### [WHAT IS BEING ASKED]
Would you write out the entries that follow word for word, omitting any images?

### [MATERIAL FOR THIS EXERCISE]
#####

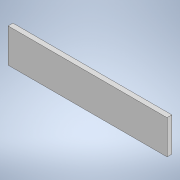
# Autodesk Inventor part: frontOfHouseUnder Deck
Saved by Autodesk Inventor 2020.1 (Build 241239000, 239)
## iProperties
Created: 2019-08-11
Part Number: frontOfHouseUnder Deck
Material: Generic
Document SubType Name: Modeling
Designer: steele
Density: 1 g/cm^3
Appearance: Default
Author: steele
Autodesk Inventor part; units mm, degrees
ref_plane "YZ Plane" through (0, 0, 0) normal (1, 0, 0) x (0, 1, 0)
ref_plane "XZ Plane" through (0, 0, 0) normal (0, 1, 0) x (-1, 0, 0)
ref_plane "XY Plane" through (0, 0, 0) normal (0, 0, 1) x (1, 0, 0)
sketch "Sketch1" plane through (0, 0, 0) normal (0, 0, 1) x (1, 0, 0)
  line L0 (0, 0) -> (-4978.4, 0)
  line L1 (-4978.4, 0) -> (-4978.4, 2133.6)
  line L2 (-4978.4, 2133.6) -> (0, 2133.6)
  line L3 (0, 2133.6) -> (0, 0)
  line L4 (0, 0) -> (5003.8, 0)
  line L5 (5003.8, 0) -> (5003.8, 2133.6)
  line L6 (5003.8, 2133.6) -> (0, 2133.6)
  line L7 (0, 2133.6) -> (0, 0)
  dimension "d0" = 4978.4
  dimension "d1" = 2133.6
  dimension "d2" = 5003.8
  dimension "d3" = 2133.6
  constraints: 16 end point, 4 parallel, 2 horizontal, 2 perpendicular
  measures "d0" distance of L1.end L2.end
  measures "d1" distance of L0.end L1.end
  measures "d2" distance of L6.end L5.end
  measures "d3" distance of L5.end L4.end
extrude "Extrusion1" add sketch "Sketch1" against normal blind 304.8
body "Solid1"
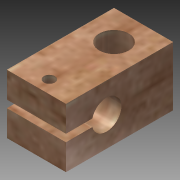
# Autodesk Inventor part: BarClamp_V3
Saved by Autodesk Inventor 2014 (Build 180170000, 170)
## iProperties
Created: 2013-12-27
Part Number: BarClamp_V3
Material: Birch
Document SubType Name: Modeling
Designer: Bram
Density: 0.512 g/cm^3
Appearance: Birch - Natural Medium Gloss
Author: Bram
Autodesk Inventor part; units mm, degrees
ref_plane "YZ Plane" through (0, 0, 0) normal (1, 0, 0) x (0, 1, 0)
ref_plane "XZ Plane" through (0, 0, 0) normal (0, 1, 0) x (-1, 0, 0)
ref_plane "XY Plane" through (0, 0, 0) normal (0, 0, 1) x (1, 0, 0)
sketch "Sketch1" plane through (0, 0, 0) normal (0, 1, 0) x (-1, 0, 0)
  line L0 (0, 0) -> (16, 0)
  line L1 (16, 0) -> (16, 16)
  line L2 (16, 16) -> (0, 16)
  line L3 (0, 16) -> (0, 0)
  dimension "d0" = 16
  dimension "d1" = 16
  constraints: 8 end point, 2 parallel, 1 horizontal, 1 perpendicular
  measures "d0" distance of L2.end L1.end
  measures "d1" distance of L1.end L0.end
extrude "Extrusion1" add sketch "Sketch1" along normal blind 29
sketch "Sketch2" plane through (-16, 0, 16) normal (0, 0, 1) x (1, 0, 0)
  circle A0 centre (8, 3.5) radius 1.5
  circle A1 centre (8, 21) radius 4
  dimension "d5" = 3
  dimension "d7" = 8
  constraints: 2 centre point
  measures "d5" diameter of A0
  measures "d7" diameter of A1
extrude "Extrusion2" cut sketch "Sketch2" against normal blind 29
sketch "Sketch3" plane through (0, 0, 16) normal (1, 0, 0) x (0, 0, -1)
  line L0 (0, 0) -> (16, 0) projected
  line L1 (16, 0) -> (16, 29) projected
  line L2 (0, 0) -> (0, 29) projected
  line L3 (0, 0) -> (0, 11)
  arc A0 (9, 7.127) -> (7, 7.127) centre (8, 11) ccw
  line L4 (8, 0) -> (9, 0)
  line L5 (9, 0) -> (9, 7.127)
  line L6 (8, 0) -> (7, 0)
  line L7 (7, 0) -> (7, 7.127)
  line L8 (0, 11) -> (4, 11)
  line L9 (12, 11) -> (16, 11)
  dimension "d10" = 11
  dimension "d11" = 8
  dimension "d12" = 1
  dimension "d13" = 1
  constraints: 14 end point, 4 perpendicular, 4 point on circle, 4 point on line, 1 centre point, 1 midpoint
  measures "d10" distance of L0.start L3.end
  measures "d11" diameter of A0
  measures "d12" distance of L4.start L4.end
  measures "d13" distance of L4.start L6.end
extrude "Extrusion3" cut sketch "Sketch3" against normal blind 29 contours L7 A0 L5 L0
body "Solid1"

#####

### [OUTPUT BELOW]
# Autodesk Inventor part: frontOfHouseUnder Deck
Saved by Autodesk Inventor 2020.1 (Build 241239000, 239)
## iProperties
Created: 2019-08-11
Part Number: frontOfHouseUnder Deck
Material: Generic
Document SubType Name: Modeling
Designer: steele
Density: 1 g/cm^3
Appearance: Default
Author: steele
Autodesk Inventor part; units mm, degrees
ref_plane "YZ Plane" through (0, 0, 0) normal (1, 0, 0) x (0, 1, 0)
ref_plane "XZ Plane" through (0, 0, 0) normal (0, 1, 0) x (-1, 0, 0)
ref_plane "XY Plane" through (0, 0, 0) normal (0, 0, 1) x (1, 0, 0)
sketch "Sketch1" plane through (0, 0, 0) normal (0, 0, 1) x (1, 0, 0)
  line L0 (0, 0) -> (-4978.4, 0)
  line L1 (-4978.4, 0) -> (-4978.4, 2133.6)
  line L2 (-4978.4, 2133.6) -> (0, 2133.6)
  line L3 (0, 2133.6) -> (0, 0)
  line L4 (0, 0) -> (5003.8, 0)
  line L5 (5003.8, 0) -> (5003.8, 2133.6)
  line L6 (5003.8, 2133.6) -> (0, 2133.6)
  line L7 (0, 2133.6) -> (0, 0)
  dimension "d0" = 4978.4
  dimension "d1" = 2133.6
  dimension "d2" = 5003.8
  dimension "d3" = 2133.6
  constraints: 16 end point, 4 parallel, 2 horizontal, 2 perpendicular
  measures "d0" distance of L1.end L2.end
  measures "d1" distance of L0.end L1.end
  measures "d2" distance of L6.end L5.end
  measures "d3" distance of L5.end L4.end
extrude "Extrusion1" add sketch "Sketch1" against normal blind 304.8
body "Solid1"
# Autodesk Inventor part: BarClamp_V3
Saved by Autodesk Inventor 2014 (Build 180170000, 170)
## iProperties
Created: 2013-12-27
Part Number: BarClamp_V3
Material: Birch
Document SubType Name: Modeling
Designer: Bram
Density: 0.512 g/cm^3
Appearance: Birch - Natural Medium Gloss
Author: Bram
Autodesk Inventor part; units mm, degrees
ref_plane "YZ Plane" through (0, 0, 0) normal (1, 0, 0) x (0, 1, 0)
ref_plane "XZ Plane" through (0, 0, 0) normal (0, 1, 0) x (-1, 0, 0)
ref_plane "XY Plane" through (0, 0, 0) normal (0, 0, 1) x (1, 0, 0)
sketch "Sketch1" plane through (0, 0, 0) normal (0, 1, 0) x (-1, 0, 0)
  line L0 (0, 0) -> (16, 0)
  line L1 (16, 0) -> (16, 16)
  line L2 (16, 16) -> (0, 16)
  line L3 (0, 16) -> (0, 0)
  dimension "d0" = 16
  dimension "d1" = 16
  constraints: 8 end point, 2 parallel, 1 horizontal, 1 perpendicular
  measures "d0" distance of L2.end L1.end
  measures "d1" distance of L1.end L0.end
extrude "Extrusion1" add sketch "Sketch1" along normal blind 29
sketch "Sketch2" plane through (-16, 0, 16) normal (0, 0, 1) x (1, 0, 0)
  circle A0 centre (8, 3.5) radius 1.5
  circle A1 centre (8, 21) radius 4
  dimension "d5" = 3
  dimension "d7" = 8
  constraints: 2 centre point
  measures "d5" diameter of A0
  measures "d7" diameter of A1
extrude "Extrusion2" cut sketch "Sketch2" against normal blind 29
sketch "Sketch3" plane through (0, 0, 16) normal (1, 0, 0) x (0, 0, -1)
  line L0 (0, 0) -> (16, 0) projected
  line L1 (16, 0) -> (16, 29) projected
  line L2 (0, 0) -> (0, 29) projected
  line L3 (0, 0) -> (0, 11)
  arc A0 (9, 7.127) -> (7, 7.127) centre (8, 11) ccw
  line L4 (8, 0) -> (9, 0)
  line L5 (9, 0) -> (9, 7.127)
  line L6 (8, 0) -> (7, 0)
  line L7 (7, 0) -> (7, 7.127)
  line L8 (0, 11) -> (4, 11)
  line L9 (12, 11) -> (16, 11)
  dimension "d10" = 11
  dimension "d11" = 8
  dimension "d12" = 1
  dimension "d13" = 1
  constraints: 14 end point, 4 perpendicular, 4 point on circle, 4 point on line, 1 centre point, 1 midpoint
  measures "d10" distance of L0.start L3.end
  measures "d11" diameter of A0
  measures "d12" distance of L4.start L4.end
  measures "d13" distance of L4.start L6.end
extrude "Extrusion3" cut sketch "Sketch3" against normal blind 29 contours L7 A0 L5 L0
body "Solid1"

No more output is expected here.